• _What is being asked_:
Below are records; the lines starting at the one with "DC_Motor_H = 0.192915716702" and ending at the one with "Current Sensor : fl_lib/Electrical/Electrical" must be reproduced exactly, both included. Pictures must not appear.

[[ Data open ]]

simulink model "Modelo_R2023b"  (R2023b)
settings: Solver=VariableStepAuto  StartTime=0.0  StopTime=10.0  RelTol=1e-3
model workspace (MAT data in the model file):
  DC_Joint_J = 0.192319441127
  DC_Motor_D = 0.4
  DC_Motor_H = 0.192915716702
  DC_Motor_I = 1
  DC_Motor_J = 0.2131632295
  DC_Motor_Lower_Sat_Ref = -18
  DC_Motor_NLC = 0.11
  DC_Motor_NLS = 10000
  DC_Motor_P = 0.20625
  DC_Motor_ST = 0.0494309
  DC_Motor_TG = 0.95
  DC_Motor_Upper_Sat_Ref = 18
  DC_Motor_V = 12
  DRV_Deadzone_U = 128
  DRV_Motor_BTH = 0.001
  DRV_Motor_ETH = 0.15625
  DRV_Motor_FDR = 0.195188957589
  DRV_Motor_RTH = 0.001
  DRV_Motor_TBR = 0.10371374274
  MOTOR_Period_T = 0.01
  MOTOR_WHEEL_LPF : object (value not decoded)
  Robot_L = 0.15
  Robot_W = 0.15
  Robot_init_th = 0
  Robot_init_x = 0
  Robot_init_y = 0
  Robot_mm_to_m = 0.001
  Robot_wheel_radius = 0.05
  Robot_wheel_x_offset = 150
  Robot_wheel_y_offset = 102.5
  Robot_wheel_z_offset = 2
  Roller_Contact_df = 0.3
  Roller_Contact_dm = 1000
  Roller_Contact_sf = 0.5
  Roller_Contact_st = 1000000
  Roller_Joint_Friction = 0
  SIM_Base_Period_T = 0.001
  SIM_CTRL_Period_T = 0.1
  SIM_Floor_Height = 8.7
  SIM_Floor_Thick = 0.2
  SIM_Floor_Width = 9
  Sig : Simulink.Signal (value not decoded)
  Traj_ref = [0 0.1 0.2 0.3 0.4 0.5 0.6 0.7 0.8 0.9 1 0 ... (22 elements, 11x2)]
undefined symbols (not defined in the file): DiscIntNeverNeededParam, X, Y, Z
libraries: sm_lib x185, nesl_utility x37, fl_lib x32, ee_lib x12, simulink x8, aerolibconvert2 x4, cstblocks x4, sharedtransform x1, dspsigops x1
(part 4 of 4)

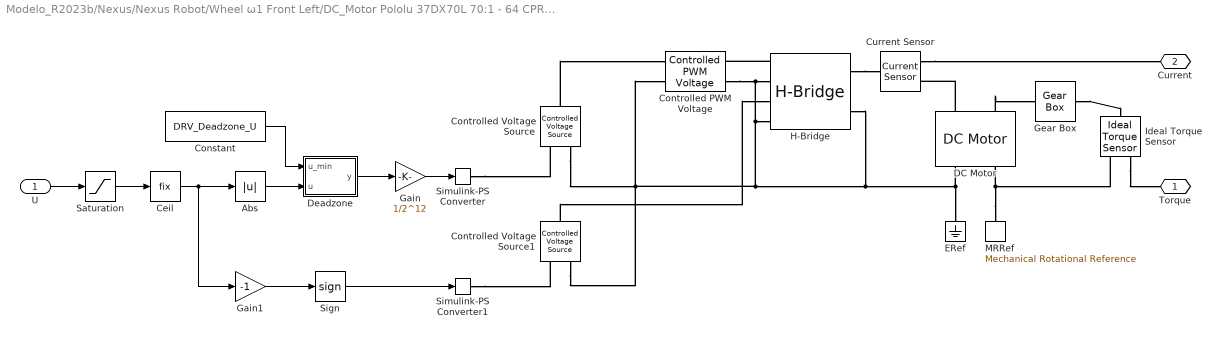
== system Modelo_R2023b/Nexus/Nexus Robot/Wheel ω1 Front Left/DC_Motor Pololu 37DX70L 70:1 - 64 CPR/Electrical ==
  U : Inport
  Abs : Abs  SaturateOnIntegerOverflow=off
  Ceil : Rounding  Operator=fix
  Constant : Constant  Value=DRV_Deadzone_U
  Controlled PWM Voltage : ee_lib/Integrated Circuits/Controlled PWM Voltage  F=1526 Hz  TD=0 s  pulse_width_offset=0 s  pulse_min=0 s  pwm_or_av=2  event_type=1  sample_time=5e-6 s  Vmin=0 V  Vmax=1 V  Vm=5 V  u_min=0  u_max=1
  Controlled Voltage Source : fl_lib/Electrical/Electrical Sources/Controlled Voltage Source
  Controlled Voltage Source1 : fl_lib/Electrical/Electrical Sources/Controlled Voltage Source
  Current Sensor : fl_lib/Electrical/Electrical Sensors/Current Sensor
  DC Motor : ee_lib/Electromechanical/Brushed Motors/DC Motor  field_option=ee.enum.field_option.pm  Rf=100 Ohm  Lf=1 H  Laf=0.15 H  If0=0 A  parameterization=ee.enum.dcparam_option.torque_speed  Ra=DC_Motor_R Ohm  La=DC_Motor_H H  emf_or_torque=ee.enum.emf_or_torque.kv  Kv=DC_Motor_K V/(rad/s)  Ki=6.876e-04 N*m/A  T_stall=DC_Motor_ST N*m  w_max=DC_Motor_NLS rpm  w_rated=150 rpm  P_rated=10 W  V_rated=nomV V  lam_param=ee.enum.lam_param.current  i_noload=0.11 A  V_i_noload=nomV V  J=DC_Motor_J kg*m^2  lam=DC_Motor_D N*m/(rad/s)  speed0=0 rpm  enable_fault_armature=simscape.enum.onoff.off  rev_faulted=1 / 3  G_faulted_armature=1e-5 S  fault_trigger_armature=ee.enum.faults.faultTrigger.temporal  t_fault_armature=1 s  max_permissible_current_armature=inf A  t_fail_on_current_armature=1 s  enable_fault_field=simscape.enum.onoff.off  G_faulted_field=1e-5 S  fault_trigger_field=ee.enum.faults.faultTrigger.temporal  t_fault_field=1 s  max_permissible_current_field=inf A  t_fail_on_current_field=1 s  fault_action=simscape.enum.assert.action.none  alpha=3.93e-3 1/K  Tmeas=25 degC  thermal_mass=100 J/K  initial_temperature=25 degC
  Deadzone : MATLAB Function  TreatAsAtomicUnit=on
  ERef : fl_lib/Electrical/Electrical Elements/Electrical Reference
  Gain : Gain  Gain=1/2^12
  Gain1 : Gain  Gain=-1
  Gear Box : fl_lib/Mechanical/Mechanisms/Gear Box  ratio=70  t_in_specify=off  t_in_priority=None  t_in=0 N*m  t_in_nominal_specify=off  t_in_nominal_unit=N*m  t_in_nominal_value=1  t_out_specify=off  t_out_priority=None  t_out=0 N*m  t_out_nominal_specify=off  t_out_nominal_unit=N*m  t_out_nominal_value=1
  H-Bridge : ee_lib/Semiconductors & Converters/Converters/H-Bridge  supply_ports=ee.enum.supply_ports.hidesupply  pwm_or_av=ee.enum.pwm_or_av.averaged  regenerative_braking_mode=ee.enum.converters.regenerative_braking_mode.always_enabled  discontinuous=ee.enum.current_profile.continuous  freewheeling_mode=ee.enum.converters.freewheeling_mode.one_switch_one_diode  Rload=3.38+0.1 Ohm  Lload=1e-5 H  F=4 kHz  Venable=DRV_Motor_ETH V  Vmax=5 V  Vreverse=DRV_Motor_RTH V  Vbrake=DRV_Motor_BTH V  Vm=nomV V  Ron=DRV_Motor_TBR Ohm  Don=DRV_Motor_FDR Ohm  Goff=1e-6 S  Tmeas=298.15 K  Ron2=0.1 Ohm  Don2=0.05 Ohm  Tmeas2=398.15 K  thermal_mass=100 J/K  initial_temperature=298.15 K
  Ideal Torque Sensor : fl_lib/Mechanical/Mechanical Sensors/Ideal Torque Sensor
  MRRef : fl_lib/Mechanical/Rotational Elements/Mechanical Rotational Reference
  Saturation : Saturate  UpperLimit=4096  LowerLimit=-4096
  Sign : Signum
  Simulink-PS Converter : nesl_utility/Simulink-PS Converter  PhysicalDomain=network_engine_domain  SubClassName=ps_input  LeftPortType=input  RightPortType=output  PseudoPeriodic=off  Frequencies=[]  NoiseDistribution=none  NoiseParameters=[]  Unit=V  AffineConversion=off  FilteringAndDerivatives=provide  SimscapeFilterOrder=1  InputFilterTimeConstant=0.001  UdotUserProvided=0
  Simulink-PS Converter1 : nesl_utility/Simulink-PS Converter  PhysicalDomain=network_engine_domain  SubClassName=ps_input  LeftPortType=input  RightPortType=output  PseudoPeriodic=off  Frequencies=[]  NoiseDistribution=none  NoiseParameters=[]  Unit=V  AffineConversion=off  FilteringAndDerivatives=provide  SimscapeFilterOrder=1  InputFilterTimeConstant=0.001  UdotUserProvided=0
  Torque : PMIOPort  Side=Right
  Current : PMIOPort  Port=2  Side=Right
  wires:
  Saturation/1 -> Ceil/1
  Sign/1 -> Simulink-PS Converter1/1
  Gain/1 -> Simulink-PS Converter/1
  U/1 -> Saturation/1
  Abs/1 -> Deadzone/2(u)
  Ceil/1 -> Gain1/1, Abs/1
  Deadzone/1(y) -> Gain/1
  Gain1/1 -> Sign/1
  Constant/1 -> Deadzone/1(u_min)
  connections:
  H-Bridge/RConn2 -- DC Motor/RConn1 -- ERef/LConn1 -- Controlled Voltage Source1/RConn2 -- Controlled Voltage Source/RConn2 -- Controlled PWM Voltage/LConn2 -- H-Bridge/LConn4 -- H-Bridge/LConn2 -- Controlled PWM Voltage/RConn2
  MRRef/LConn1 -- Ideal Torque Sensor/RConn1 -- DC Motor/RConn2
  H-Bridge/RConn1 -- Current Sensor/LConn1
  DC Motor/LConn1 -- Current Sensor/RConn2
  H-Bridge/LConn1 -- Controlled PWM Voltage/RConn1
  Current Sensor/RConn1 -- Current/RConn1
  Controlled Voltage Source/LConn1 -- Controlled PWM Voltage/LConn1
  Simulink-PS Converter/RConn1 -- Controlled Voltage Source/RConn1
  Ideal Torque Sensor/RConn2 -- Torque/RConn1
  DC Motor/LConn2 -- Gear Box/LConn1
  Gear Box/RConn1 -- Ideal Torque Sensor/LConn1
  Simulink-PS Converter1/RConn1 -- Controlled Voltage Source1/RConn1
  Controlled Voltage Source1/LConn1 -- H-Bridge/LConn3

== system Modelo_R2023b/Nexus/Nexus Robot/Wheel ω1 Front Left/DC_Motor Pololu 37DX70L 70:1 - 64 CPR/Mechanics ==
  Axis : sm_lib/Body Elements/File Solid  ExtGeomFileName=c_MG37D_Eje.stp  UnitType=FromFile  ExtGeomFileUnits=m  StepReaderType=HEX  ExportConvexHullGeometry=off  InertiaType=CalculateFromGeometry  Mass=1  MassUnits=kg  CenterOfMass=[0 0 0]  CenterOfMassUnits=m  MomentsOfInertia=[1 1 1]  MomentsOfInertiaUnits=kg*m^2  ProductsOfInertia=[0 0 0]  ProductsOfInertiaUnits=kg*m^2  BasedOnType=Density  Density=7850  DensityUnits=kg/m^3  DoExposeReferenceFrame=on  SerializedFrames=<Frames><Frame><Id>Frame1</Id><Value><Name>F1</Name><Origin><Source>GeometricFeature</Source><FeatureName>circular curve 6</FeatureName></Origin><PrimaryAxis><DefinedDirection>+Z</DefinedDirection><Source>ReferenceFrame</Source><SourceDirection>+Z</SourceDirection><FeatureName></FeatureName></PrimaryAxis><SecondaryAxis><DefinedDirection>+X</DefinedDirection><Source>ReferenceFrame</Source><SourceDirection>+X</SourceDirection><FeatureName></FeatureName></SecondaryAxis></Value></Frame></Frames>  GraphicType=FromGeometry  MarkerShape=Sphere  MarkerSize=10  GraphicVisPropType=SimpleVisualProperties  GraphicDiffuseColor=[0.8 0.8 0.8]  GraphicSpecularColor=[0.5 0.5 0.5 1.0]  GraphicAmbientColor=[0.15 0.15 0.15 1.0]  GraphicEmissiveColor=[0.0 0.0 0.0 1.0]  GraphicShininess=75  GraphicOpacity=1.0
  PS Gain : fl_lib/Physical Signals/Functions/PS Gain  gain=DC_Motor_TG
  Revolute Joint : sm_lib/Joints/Revolute Joint  JointMode=Normal  SenseConstraintForce=off  SenseConstraintForceX=off  SenseConstraintForceY=off  SenseConstraintForceZ=off  SenseConstraintTorque=off  SenseConstraintTorqueX=off  SenseConstraintTorqueY=off  SenseConstraintTorqueZ=off  SenseTotalForce=off  SenseTotalForceX=off  SenseTotalForceY=off  SenseTotalForceZ=off  SenseTotalTorque=off  SenseTotalTorqueX=off  SenseTotalTorqueY=off  SenseTotalTorqueZ=off  CompositeWrenchDir=FollowerOnBase  CompositeWrenchFrame=BaseFrame  EquilibriumPosition=0  EquilibriumPositionUnits=deg  SpringStiffness=0  SpringStiffnessUnits=N*m/deg  DampingCoefficient=DC_Joint_J  DampingCoefficientUnits=N*m/(rad/s)  TorqueActuationMode=InputTorque  MotionActuationMode=ComputedMotion  SensePosition=on  SenseVelocity=on  SenseAcceleration=off  SenseTorqueForce=off  SenseLowerLimitTorqueForce=off  SenseUpperLimitTorqueForce=off  LowerLimitSpecify=off  LowerLimitBound=-90  LowerLimitBoundUnits=deg  LowerLimitStiffness=1e4  LowerLimitStiffnessUnits=N*m/deg  LowerLimitDamping=10  LowerLimitDampingUnits=N*m/(deg/s)  LowerLimitTransitionRegionWidth=0.1  LowerLimitTransitionRegionWidthUnits=deg  UpperLimitSpecify=off  UpperLimitBound=90  UpperLimitBoundUnits=deg  UpperLimitStiffness=1e4  UpperLimitStiffnessUnits=N*m/deg  UpperLimitDamping=10  UpperLimitDampingUnits=N*m/(deg/s)  UpperLimitTransitionRegionWidth=0.1  UpperLimitTransitionRegionWidthUnits=deg  PositionTargetSpecify=off  PositionTargetPriority=High  PositionTargetValue=0  PositionTargetValueUnits=deg  VelocityTargetSpecify=off  VelocityTargetPriority=High  VelocityTargetValue=0  VelocityTargetValueUnits=deg/s
  FW : PMIOPort  Side=Left
  τ : PMIOPort  Port=2  Side=Left
  Wheel : PMIOPort  Port=3  Side=Right
  θ : PMIOPort  Port=4  Side=Right
  ω : PMIOPort  Port=5  Side=Right
  connections:
  Revolute Joint/RConn2 -- θ/RConn1
  FW/RConn1 -- Revolute Joint/LConn1
  Axis/RConn1 -- Revolute Joint/RConn1
  PS Gain/LConn1 -- τ/RConn1
  Revolute Joint/RConn3 -- ω/RConn1
  Revolute Joint/LConn2 -- PS Gain/RConn1
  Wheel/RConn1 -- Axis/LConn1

[[ Data closed ]]

• _Response_:
  DC_Motor_H = 0.192915716702
  DC_Motor_I = 1
  DC_Motor_J = 0.2131632295
  DC_Motor_Lower_Sat_Ref = -18
  DC_Motor_NLC = 0.11
  DC_Motor_NLS = 10000
  DC_Motor_P = 0.20625
  DC_Motor_ST = 0.0494309
  DC_Motor_TG = 0.95
  DC_Motor_Upper_Sat_Ref = 18
  DC_Motor_V = 12
  DRV_Deadzone_U = 128
  DRV_Motor_BTH = 0.001
  DRV_Motor_ETH = 0.15625
  DRV_Motor_FDR = 0.195188957589
  DRV_Motor_RTH = 0.001
  DRV_Motor_TBR = 0.10371374274
  MOTOR_Period_T = 0.01
  MOTOR_WHEEL_LPF : object (value not decoded)
  Robot_L = 0.15
  Robot_W = 0.15
  Robot_init_th = 0
  Robot_init_x = 0
  Robot_init_y = 0
  Robot_mm_to_m = 0.001
  Robot_wheel_radius = 0.05
  Robot_wheel_x_offset = 150
  Robot_wheel_y_offset = 102.5
  Robot_wheel_z_offset = 2
  Roller_Contact_df = 0.3
  Roller_Contact_dm = 1000
  Roller_Contact_sf = 0.5
  Roller_Contact_st = 1000000
  Roller_Joint_Friction = 0
  SIM_Base_Period_T = 0.001
  SIM_CTRL_Period_T = 0.1
  SIM_Floor_Height = 8.7
  SIM_Floor_Thick = 0.2
  SIM_Floor_Width = 9
  Sig : Simulink.Signal (value not decoded)
  Traj_ref = [0 0.1 0.2 0.3 0.4 0.5 0.6 0.7 0.8 0.9 1 0 ... (22 elements, 11x2)]
undefined symbols (not defined in the file): DiscIntNeverNeededParam, X, Y, Z
libraries: sm_lib x185, nesl_utility x37, fl_lib x32, ee_lib x12, simulink x8, aerolibconvert2 x4, cstblocks x4, sharedtransform x1, dspsigops x1
(part 4 of 4)

== system Modelo_R2023b/Nexus/Nexus Robot/Wheel ω1 Front Left/DC_Motor Pololu 37DX70L 70:1 - 64 CPR/Electrical ==
  U : Inport
  Abs : Abs  SaturateOnIntegerOverflow=off
  Ceil : Rounding  Operator=fix
  Constant : Constant  Value=DRV_Deadzone_U
  Controlled PWM Voltage : ee_lib/Integrated Circuits/Controlled PWM Voltage  F=1526 Hz  TD=0 s  pulse_width_offset=0 s  pulse_min=0 s  pwm_or_av=2  event_type=1  sample_time=5e-6 s  Vmin=0 V  Vmax=1 V  Vm=5 V  u_min=0  u_max=1
  Controlled Voltage Source : fl_lib/Electrical/Electrical Sources/Controlled Voltage Source
  Controlled Voltage Source1 : fl_lib/Electrical/Electrical Sources/Controlled Voltage Source
  Current Sensor : fl_lib/Electrical/Electrical Sensors/Current Sensor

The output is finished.